# STS - sending postcards for FREE



## nekesaurio (Jun 10, 2016)

do you like sending/receiving postcards from your friends worldwide!?

personally I love to send postcards when I'm abroad and a few years ago a friend told me you could send postcards for free (without stamp) just by writing "_student to student_" or "_STS_" where the stamp should be. we argued about that for a long time because I just didn't believe it so I tried it, and I sent her a postcard saying something like "if this really gets to you I'll buy you a beer next time we meet" and... IT DID ARRIVE!! 

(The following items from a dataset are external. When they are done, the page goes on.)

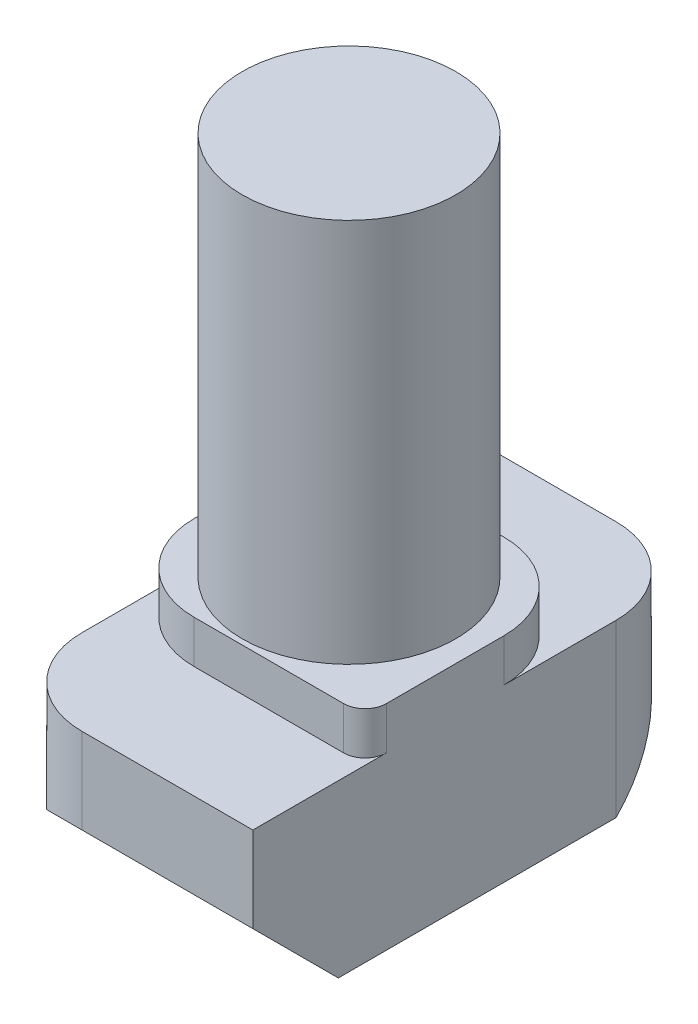
ISO-10303-21;
HEADER;
FILE_DESCRIPTION(('STEP AP214'),'2;1');
FILE_NAME('part.step','',(''),(''),'','','');
FILE_SCHEMA(('AUTOMOTIVE_DESIGN { 1 0 10303 214 1 1 1 1 }'));
ENDSEC;
DATA;
#1=APPLICATION_CONTEXT('core data for automotive mechanical design processes');
#2=APPLICATION_PROTOCOL_DEFINITION('international standard','automotive_design',2000,#1);
#3=PRODUCT_CONTEXT('',#1,'mechanical');
#4=PRODUCT('Part','Part','',(#3));
#5=PRODUCT_RELATED_PRODUCT_CATEGORY('part','',(#4));
#6=PRODUCT_DEFINITION_FORMATION('','',#4);
#7=PRODUCT_DEFINITION_CONTEXT('part definition',#1,'design');
#8=PRODUCT_DEFINITION('design','',#6,#7);
#9=PRODUCT_DEFINITION_SHAPE('','',#8);
#10=(LENGTH_UNIT() NAMED_UNIT(*) SI_UNIT(.MILLI.,.METRE.));
#11=(NAMED_UNIT(*) PLANE_ANGLE_UNIT() SI_UNIT($,.RADIAN.));
#12=(NAMED_UNIT(*) SI_UNIT($,.STERADIAN.) SOLID_ANGLE_UNIT());
#13=UNCERTAINTY_MEASURE_WITH_UNIT(LENGTH_MEASURE(1.E-05),#10,'distance_accuracy_value','');
#14=(GEOMETRIC_REPRESENTATION_CONTEXT(3) GLOBAL_UNCERTAINTY_ASSIGNED_CONTEXT((#13)) GLOBAL_UNIT_ASSIGNED_CONTEXT((#10,
#11,#12)) REPRESENTATION_CONTEXT('',''));
#15=CARTESIAN_POINT('',(0.,0.,0.));
#16=DIRECTION('',(0.,0.,1.));
#17=DIRECTION('',(1.,0.,0.));
#18=AXIS2_PLACEMENT_3D('',#15,#16,#17);
#19=CARTESIAN_POINT('',(3.,0.,2.625));
#20=DIRECTION('',(0.,-1.,0.));
#21=DIRECTION('',(0.,0.,-1.));
#22=AXIS2_PLACEMENT_3D('',#19,#20,#21);
#23=PLANE('',#22);
#24=DIRECTION('',(-1.,0.,0.));
#25=VECTOR('',#24,1.);
#26=CARTESIAN_POINT('',(3.,0.,-2.625));
#27=LINE('',#26,#25);
#28=CARTESIAN_POINT('',(1.,0.,-2.625));
#29=VERTEX_POINT('',#28);
#30=CARTESIAN_POINT('',(-2.5,0.,-2.625));
#31=VERTEX_POINT('',#30);
#32=EDGE_CURVE('E193',#29,#31,#27,.T.);
#33=ORIENTED_EDGE('',*,*,#32,.T.);
#34=CARTESIAN_POINT('',(-2.5,0.,-2.125));
#35=DIRECTION('',(0.,-1.,0.));
#36=DIRECTION('',(0.,0.,-1.));
#37=AXIS2_PLACEMENT_3D('',#34,#35,#36);
#38=CIRCLE('',#37,0.5);
#39=CARTESIAN_POINT('',(-3.,0.,-2.125));
#40=VERTEX_POINT('',#39);
#41=EDGE_CURVE('E254',#31,#40,#38,.F.);
#42=ORIENTED_EDGE('',*,*,#41,.T.);
#43=DIRECTION('',(0.,0.,1.));
#44=VECTOR('',#43,1.);
#45=CARTESIAN_POINT('',(-3.,0.,2.625));
#46=LINE('',#45,#44);
#47=CARTESIAN_POINT('',(-3.,0.,0.625000000000001));
#48=VERTEX_POINT('',#47);
#49=EDGE_CURVE('E148',#40,#48,#46,.T.);
#50=ORIENTED_EDGE('',*,*,#49,.T.);
#51=CARTESIAN_POINT('',(-1.,0.,0.625));
#52=DIRECTION('',(0.,-1.,0.));
#53=DIRECTION('',(0.,0.,-1.));
#54=AXIS2_PLACEMENT_3D('',#51,#52,#53);
#55=CIRCLE('',#54,2.);
#56=CARTESIAN_POINT('',(-1.,0.,2.625));
#57=VERTEX_POINT('',#56);
#58=EDGE_CURVE('E230',#48,#57,#55,.F.);
#59=ORIENTED_EDGE('',*,*,#58,.T.);
#60=DIRECTION('',(-1.,0.,0.));
#61=VECTOR('',#60,1.);
#62=CARTESIAN_POINT('',(3.,0.,2.625));
#63=LINE('',#62,#61);
#64=CARTESIAN_POINT('',(2.5,0.,2.625));
#65=VERTEX_POINT('',#64);
#66=EDGE_CURVE('E177',#65,#57,#63,.T.);
#67=ORIENTED_EDGE('',*,*,#66,.F.);
#68=CARTESIAN_POINT('',(2.5,0.,2.125));
#69=DIRECTION('',(0.,-1.,0.));
#70=DIRECTION('',(0.,0.,-1.));
#71=AXIS2_PLACEMENT_3D('',#68,#69,#70);
#72=CIRCLE('',#71,0.5);
#73=CARTESIAN_POINT('',(3.,0.,2.125));
#74=VERTEX_POINT('',#73);
#75=EDGE_CURVE('E252',#65,#74,#72,.F.);
#76=ORIENTED_EDGE('',*,*,#75,.T.);
#77=DIRECTION('',(0.,0.,1.));
#78=VECTOR('',#77,1.);
#79=CARTESIAN_POINT('',(3.,0.,2.625));
#80=LINE('',#79,#78);
#81=CARTESIAN_POINT('',(3.,0.,-0.624999999999999));
#82=VERTEX_POINT('',#81);
#83=EDGE_CURVE('E175',#82,#74,#80,.T.);
#84=ORIENTED_EDGE('',*,*,#83,.F.);
#85=CARTESIAN_POINT('',(1.,0.,-0.625));
#86=DIRECTION('',(0.,-1.,0.));
#87=DIRECTION('',(0.,0.,-1.));
#88=AXIS2_PLACEMENT_3D('',#85,#86,#87);
#89=CIRCLE('',#88,2.);
#90=EDGE_CURVE('E233',#82,#29,#89,.F.);
#91=ORIENTED_EDGE('',*,*,#90,.T.);
#92=EDGE_LOOP('',(#33,#42,#50,#59,#67,#76,#84,#91));
#93=FACE_BOUND('',#92,.T.);
#94=CARTESIAN_POINT('',(0.,0.,0.));
#95=DIRECTION('',(0.,-1.,0.));
#96=DIRECTION('',(0.,0.,-1.));
#97=AXIS2_PLACEMENT_3D('',#94,#95,#96);
#98=CIRCLE('',#97,2.5);
#99=CARTESIAN_POINT('',(0.,0.,-2.5));
#100=VERTEX_POINT('',#99);
#101=EDGE_CURVE('E11',#100,#100,#98,.F.);
#102=ORIENTED_EDGE('',*,*,#101,.F.);
#103=EDGE_LOOP('',(#102));
#104=FACE_BOUND('',#103,.T.);
#105=ADVANCED_FACE('F38',(#93,#104),#23,.F.);
#106=CARTESIAN_POINT('',(3.,-1.,2.625));
#107=DIRECTION('',(0.,0.,-1.));
#108=DIRECTION('',(-1.,0.,0.));
#109=AXIS2_PLACEMENT_3D('',#106,#107,#108);
#110=PLANE('',#109);
#111=DIRECTION('',(-1.,0.,0.));
#112=VECTOR('',#111,1.);
#113=CARTESIAN_POINT('',(3.,-1.,2.625));
#114=LINE('',#113,#112);
#115=CARTESIAN_POINT('',(2.5,-1.,2.625));
#116=VERTEX_POINT('',#115);
#117=CARTESIAN_POINT('',(-1.,-1.,2.625));
#118=VERTEX_POINT('',#117);
#119=EDGE_CURVE('E159',#116,#118,#114,.T.);
#120=ORIENTED_EDGE('',*,*,#119,.F.);
#121=DIRECTION('',(0.,-1.,0.));
#122=VECTOR('',#121,1.);
#123=CARTESIAN_POINT('',(2.5,-1.,2.625));
#124=LINE('',#123,#122);
#125=EDGE_CURVE('E260',#116,#65,#124,.F.);
#126=ORIENTED_EDGE('',*,*,#125,.T.);
#127=ORIENTED_EDGE('',*,*,#66,.T.);
#128=DIRECTION('',(0.,-1.,0.));
#129=VECTOR('',#128,1.);
#130=CARTESIAN_POINT('',(-1.,-1.,2.625));
#131=LINE('',#130,#129);
#132=EDGE_CURVE('E237',#57,#118,#131,.T.);
#133=ORIENTED_EDGE('',*,*,#132,.T.);
#134=EDGE_LOOP('',(#120,#126,#127,#133));
#135=FACE_BOUND('',#134,.T.);
#136=ADVANCED_FACE('F295',(#135),#110,.F.);
#137=CARTESIAN_POINT('',(3.,-1.,5.25));
#138=DIRECTION('',(0.,-1.,0.));
#139=DIRECTION('',(0.,0.,-1.));
#140=AXIS2_PLACEMENT_3D('',#137,#138,#139);
#141=PLANE('',#140);
#142=DIRECTION('',(0.,0.,1.));
#143=VECTOR('',#142,1.);
#144=CARTESIAN_POINT('',(-3.,-1.,5.25));
#145=LINE('',#144,#143);
#146=CARTESIAN_POINT('',(-3.,-1.,0.625));
#147=VERTEX_POINT('',#146);
#148=CARTESIAN_POINT('',(-3.,-1.,3.25));
#149=VERTEX_POINT('',#148);
#150=EDGE_CURVE('E178',#147,#149,#145,.T.);
#151=ORIENTED_EDGE('',*,*,#150,.T.);
#152=CARTESIAN_POINT('',(-1.,-1.,3.25));
#153=DIRECTION('',(0.,-1.,0.));
#154=DIRECTION('',(0.,0.,-1.));
#155=AXIS2_PLACEMENT_3D('',#152,#153,#154);
#156=CIRCLE('',#155,2.);
#157=CARTESIAN_POINT('',(-1.,-1.,5.25));
#158=VERTEX_POINT('',#157);
#159=EDGE_CURVE('E155',#149,#158,#156,.F.);
#160=ORIENTED_EDGE('',*,*,#159,.T.);
#161=DIRECTION('',(-1.,0.,0.));
#162=VECTOR('',#161,1.);
#163=CARTESIAN_POINT('',(3.,-1.,5.25));
#164=LINE('',#163,#162);
#165=CARTESIAN_POINT('',(3.,-1.,5.25));
#166=VERTEX_POINT('',#165);
#167=EDGE_CURVE('E151',#166,#158,#164,.T.);
#168=ORIENTED_EDGE('',*,*,#167,.F.);
#169=DIRECTION('',(0.,0.,1.));
#170=VECTOR('',#169,1.);
#171=CARTESIAN_POINT('',(3.,-1.,5.25));
#172=LINE('',#171,#170);
#173=CARTESIAN_POINT('',(3.,-1.,2.125));
#174=VERTEX_POINT('',#173);
#175=EDGE_CURVE('E57',#174,#166,#172,.T.);
#176=ORIENTED_EDGE('',*,*,#175,.F.);
#177=CARTESIAN_POINT('',(2.5,-1.,2.125));
#178=DIRECTION('',(0.,-1.,0.));
#179=DIRECTION('',(0.,0.,-1.));
#180=AXIS2_PLACEMENT_3D('',#177,#178,#179);
#181=CIRCLE('',#180,0.5);
#182=EDGE_CURVE('E46',#174,#116,#181,.T.);
#183=ORIENTED_EDGE('',*,*,#182,.T.);
#184=ORIENTED_EDGE('',*,*,#119,.T.);
#185=CARTESIAN_POINT('',(-1.,-1.,0.625));
#186=DIRECTION('',(0.,-1.,0.));
#187=DIRECTION('',(0.,0.,-1.));
#188=AXIS2_PLACEMENT_3D('',#185,#186,#187);
#189=CIRCLE('',#188,2.);
#190=EDGE_CURVE('E246',#118,#147,#189,.T.);
#191=ORIENTED_EDGE('',*,*,#190,.T.);
#192=EDGE_LOOP('',(#151,#160,#168,#176,#183,#184,#191));
#193=FACE_BOUND('',#192,.T.);
#194=ADVANCED_FACE('F153',(#193),#141,.F.);
#195=CARTESIAN_POINT('',(3.,-3.,5.25));
#196=DIRECTION('',(0.,0.,-1.));
#197=DIRECTION('',(-1.,0.,0.));
#198=AXIS2_PLACEMENT_3D('',#195,#196,#197);
#199=PLANE('',#198);
#200=ORIENTED_EDGE('',*,*,#167,.T.);
#201=DIRECTION('',(0.,-1.,0.));
#202=VECTOR('',#201,1.);
#203=CARTESIAN_POINT('',(-1.,-3.,5.25));
#204=LINE('',#203,#202);
#205=CARTESIAN_POINT('',(-1.,-3.,5.25));
#206=VERTEX_POINT('',#205);
#207=EDGE_CURVE('E220',#158,#206,#204,.T.);
#208=ORIENTED_EDGE('',*,*,#207,.T.);
#209=DIRECTION('',(-1.,0.,0.));
#210=VECTOR('',#209,1.);
#211=CARTESIAN_POINT('',(3.,-3.,5.25));
#212=LINE('',#211,#210);
#213=CARTESIAN_POINT('',(3.,-3.,5.25));
#214=VERTEX_POINT('',#213);
#215=EDGE_CURVE('E160',#214,#206,#212,.T.);
#216=ORIENTED_EDGE('',*,*,#215,.F.);
#217=DIRECTION('',(0.,-1.,0.));
#218=VECTOR('',#217,1.);
#219=CARTESIAN_POINT('',(3.,-3.,5.25));
#220=LINE('',#219,#218);
#221=EDGE_CURVE('E144',#166,#214,#220,.T.);
#222=ORIENTED_EDGE('',*,*,#221,.F.);
#223=EDGE_LOOP('',(#200,#208,#216,#222));
#224=FACE_BOUND('',#223,.T.);
#225=ADVANCED_FACE('F162',(#224),#199,.F.);
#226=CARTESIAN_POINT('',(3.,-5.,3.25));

so I wanted to bust the myth and know if it was simple luck and my postcard slipped in or it truly works, so if any of you wants try it and post from where to where you sent it and whether it did get to its destiny! 

my postcard went from *Italy* to *Portugal* with "student to student" and indeed, *it arrived*


----------



## Tude (Jun 10, 2016)

never heard of that. One of the larger bicycle sites I'm in (for like 15 yrs now) - the group is quite close and do a lot of meet ups and traveling together --- and several times when there's been a sick child or a kid had something happen to them - we've sent post cards from around the country to them. And they loved them - and they were flooded with them. The one kid had a map of the US and he put pins on the state areas where he got the post card. Fun stuff.


----------



## nekesaurio (Jun 10, 2016)

yeah that's what I mean!! 
that's the reason I wanna know how or in which countries it does actually work.


----------



## Matt Derrick (Jun 10, 2016)

i doubt this works in america, but it's worth trying, worst case scenario is that you get it sent back to you.

an old tactic here in the states was to reverse the return and sending address so the postcard would get 'returned' to where you wanted it to go.


----------



## tobepxt (Jun 10, 2016)

would be great if most of my friends had mailing addresses. id pay for a stamp if it meant it would get to them.i like sending and receiving letters and stuff, its just seems pretty rare it works in this lifestyle :'(


----------



## physics (Jun 10, 2016)

Here in the US, there is a way to mail something to someone who doesn't have an address if you can make them aware that it's coming (so that they actually go to the post office), and if you know the town that they're in. 

It's called GENERAL DELIVERY. 

You fill out the envelope like this:

Firstname Lastname
GENERAL DELIVERY
City, ST ZipCode

And they do prefer that you capitalize the general delivery.

The person you're mailing to will go to the post office counter, present a photo-ID, and ask for their general delivery mail. The post office then goes to find it and give it to them. 

If there's more than one post office in town, it's good to send it to the smaller one so that the envelope or whatever is easier for the staff to find. But also, the post office will only hold the mail for 30 days, so it's important that they know to go get it.


----------



## Preacher (Jun 10, 2016)

Generally, for General Delivery, you need to register for it at the particular Post Office to which it's being delivered..They then know to put it to the side for you and you get the correct mailing info. Plus some post offices don't do general delivery. Mostly just the main post office in smaller to medium cities and towns.


----------



## Kim Chee (Jun 10, 2016)

Preacher said:


> Generally, for General Delivery, you need to register for it at the particular Post Office to which it's being delivered..They then know to put it to the side for you and you get the correct mailing info. Plus some post offices don't do general delivery. Mostly just the main post office in smaller to medium cities and towns.



All post offices regardless of size have the same rules and postage rates. Different hours...sure, all else applies.

btw: I like tiny post offices.


----------



## Preacher (Jun 10, 2016)

Kim Chee said:


> All post offices regardless of size have the same rules and postage rates. Different hours...sure, all else applies.



Just clarified with my Dawg. It's the wanna-be post offices in super markets and such that won't do it. I've always done it in regular post offices in little tiny towns and never had a problem.


----------



## jaws (Jun 11, 2016)

You can always dumpster dive a stamp off an old envelope and spit glue it onto what your sending.
Real nice info, I am eager to experiment these strategies in the US.


----------



## physics (Jun 11, 2016)

Preacher said:


> Generally, for General Delivery, you need to register for it at the particular Post Office to which it's being delivered..They then know to put it to the side for you and you get the correct mailing info. Plus some post offices don't do general delivery. Mostly just the main post office in smaller to medium cities and towns.


I only did it in New Mexico, but I didn't have to register for it at all. Just showed up with an ID...


----------



## Preacher (Jun 11, 2016)

Cool. Maybe I been doing more then I need to. Thx.


----------